Grazing Rotation and Soil Carbon

ISEF Category: Animal Sciences

Subcategory: Ecology and Agriculture  ·  Difficulty: Intermediate  ·  Setup: Home Setup  ·  Time: 1 to 2 Months

The Hook

A pasture can act like a carbon bank, but the way animals move across it changes what stays in the soil. If cattle graze the same ground all the time, grass regrowth and bare soil can shift fast. Your model can test whether rotation grazing stores more carbon than continuous grazing, and why.

What Is It?

An agent-based model is a computer simulation where each cow, grass patch, or field cell follows simple rules. You do not need a real herd to test the idea. You build a virtual pasture, then watch how grazing, rest, regrowth, and decay change over time.

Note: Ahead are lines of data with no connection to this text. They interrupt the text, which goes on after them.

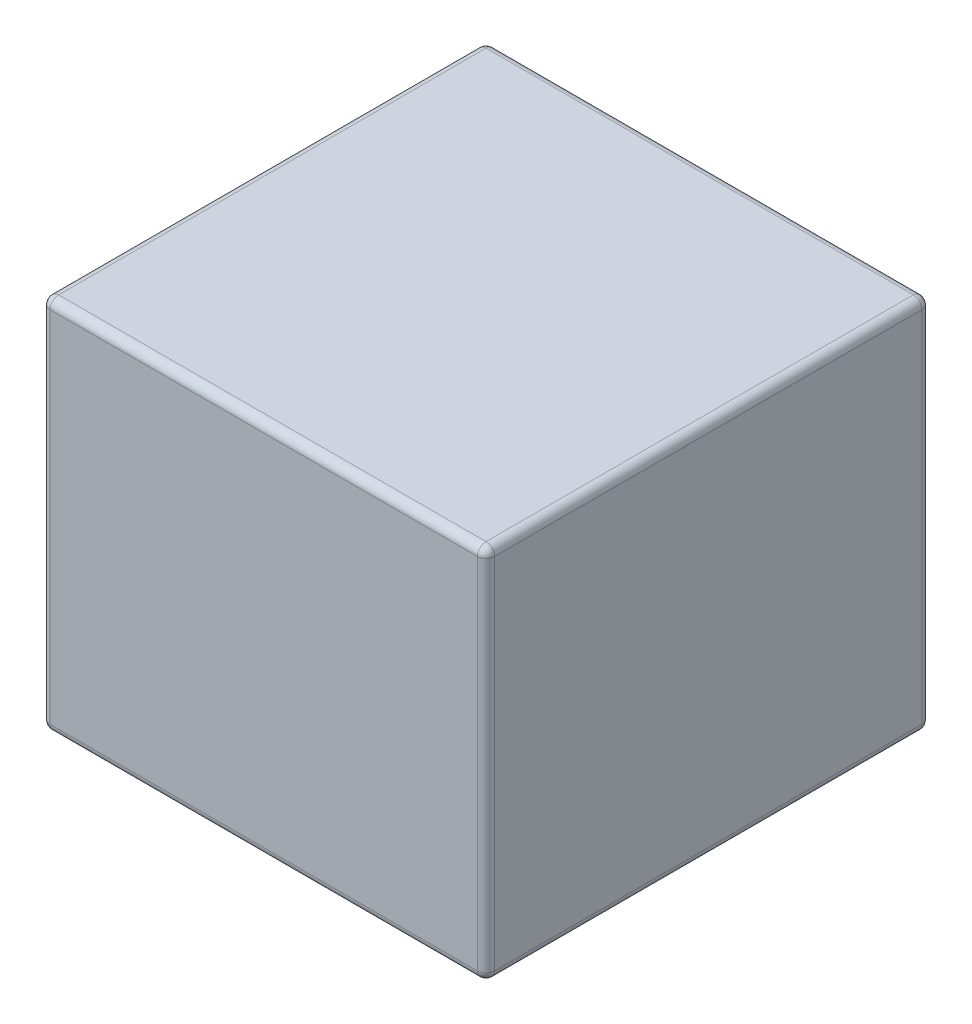
SolidWorks part; units mm, degrees
ref_plane "Front Plane" through (0, 0, 0) normal (0, 0, 1) x (1, 0, 0)
ref_plane "Top Plane" through (0, 0, 0) normal (0, 1, 0) x (1, 0, 0)
ref_plane "Right Plane" through (0, 0, 0) normal (1, 0, 0) x (0, 0, -1)
sketch "Sketch1" plane through (0, 0, 0) normal (0, 1, 0) x (1, 0, 0)
  line L1 (0, 0) -> (330.2, 0)
  line L2 (0, 0) -> (0, 330.2)
  line L3 (0, 330.2) -> (330.2, 330.2)
  line L4 (330.2, 0) -> (330.2, 330.2)
  dimension "D1" = 330.2
  dimension "D2" = 330.2
extrude "Boss-Extrude1" add sketch "Sketch1" along normal blind 279.4
fillet "Fillet1" radius 6.35 12 edges at (0, 0, -165.1) (0, 139.7, -330.2) (165.1, 0, -330.2) (330.2, 139.7, -330.2) (330.2, 0, -165.1) (0, 139.7, 0) (330.2, 139.7, 0) (165.1, 0, 0) (165.1, 279.4, -330.2) (330.2, 279.4, -165.1) (165.1, 279.4, 0) (0, 279.4, -165.1)
ref_plane "Mid_Plane" through (165.1, 0, 0) normal (1, 0, 0) x (0, 0, -1)

Think of it like a game board with changing scores. Each patch can gain biomass, lose biomass when animals eat, and send some carbon into the soil. Carbon sequestration means carbon stays stored instead of returning to the air right away. Your model asks which grazing pattern keeps that storage moving up.

Why This Is a Good Topic

This topic works well because you can test one management choice at a time and measure clear outputs like biomass, patch recovery, and carbon stored in the model. It connects to real ranch and pasture decisions, since grazing style affects forage, soil health, and long-term land use. You can learn agent-based modeling, parameter testing, and basic statistics without needing a field farm.

Research Questions

• How does rest length change simulated soil carbon storage under rotation grazing?
• What is the effect of stocking rate on carbon gain when total pasture area stays the same?
• Does continuous grazing create more patch-to-patch carbon variation than rotation grazing?
• To what extent do wetter and drier years change the gap between the two grazing systems?
• Which grazing rule keeps biomass above a recovery threshold while still increasing carbon?
• How does animal preference for certain patches shift the final carbon map?

Basic Materials

• Laptop or desktop computer with at least 8 GB RAM.
• Python installed with Jupyter Notebook.
• NetLogo for building the agent-based model.
• Spreadsheet software such as Google Sheets or LibreOffice Calc.
• Published grazing and pasture carbon papers for parameter estimates.
• NOAA, USDA, or FAO climate and land data.

Advanced Materials

• Access to a university computer lab or server.
• Long-term grazing trial datasets.
• Soil organic carbon measurements from field plots.
• Weather station data matched to pasture sites.
• GIS layers for soil type, slope, and land cover.
• GPS collar data from grazing studies.

Software & Tools

• NetLogo: Builds the agent-based pasture model and lets you change grazing rules fast.
• Python: Runs simulations, stores outputs, and makes plots.
• Jupyter Notebook: Keeps code, notes, and graphs in one place.
• R: Compares scenarios and checks uncertainty with statistical tests.
• QGIS: Maps pasture context if you add soil or land data.

Experiment Steps

1. Define the pasture cells, animal agents, and carbon pools your model will track.
2. Choose one grazing schedule variable to change first, such as rest length or stocking rate.
3. Build a continuous-grazing baseline so every scenario starts from the same initial conditions.
4. Decide how you will turn grass growth, grazing pressure, and recovery into carbon change.
5. Plan the outputs you will compare, including average carbon, patch spread, and year-to-year stability.
6. Add a validation step using published grazing studies or field data so your rules stay realistic.

Common Pitfalls

• Treating carbon as one pool, which hides whether changes come from grass growth or soil storage.
• Giving rotation grazing better rules than continuous grazing, which makes the comparison unfair.
• Letting animals move with no preference, which flattens the patch pattern you want to study.
• Ignoring rainfall or drought cycles, which can flip the result in real pastures.
• Trusting the first run instead of checking whether repeated runs give similar trends.

What Makes This Competitive

This gets much stronger when you calibrate the rules with published grazing studies, then test whether the result holds across several climate settings. A good entry also keeps stocking rate, rest time, and animal preference separate so you can tell which choice drives the carbon change. If you add uncertainty bands and compare against real pasture data, your model shows real analytical depth.

Project Variations

• Compare short-rest and long-rest rotation schedules across dry, average, and wet years.
• Test how different stocking rates change carbon storage when the herd follows the same movement rules.
• Add patch preference so you can see whether repeated use of the same spots changes the carbon map.

Learn More

• NOAA Climate Data Online: Find rainfall and temperature records for the climate scenarios in your model.
• USDA NRCS Web Soil Survey: Find soil and land-use context for pasture areas in the United States.
• FAO Grasslands and Pastures: Read background on grazing systems and carbon in grassland soils on the Food and Agriculture Organization site.
• PubMed: Search review articles on grazing management, pasture ecology, and soil organic carbon.
• USDA ARS Publications: Look for long-term grazing trial results and pasture management studies.
• NetLogo Models Library: Find agent-based modeling examples you can adapt for grazing systems.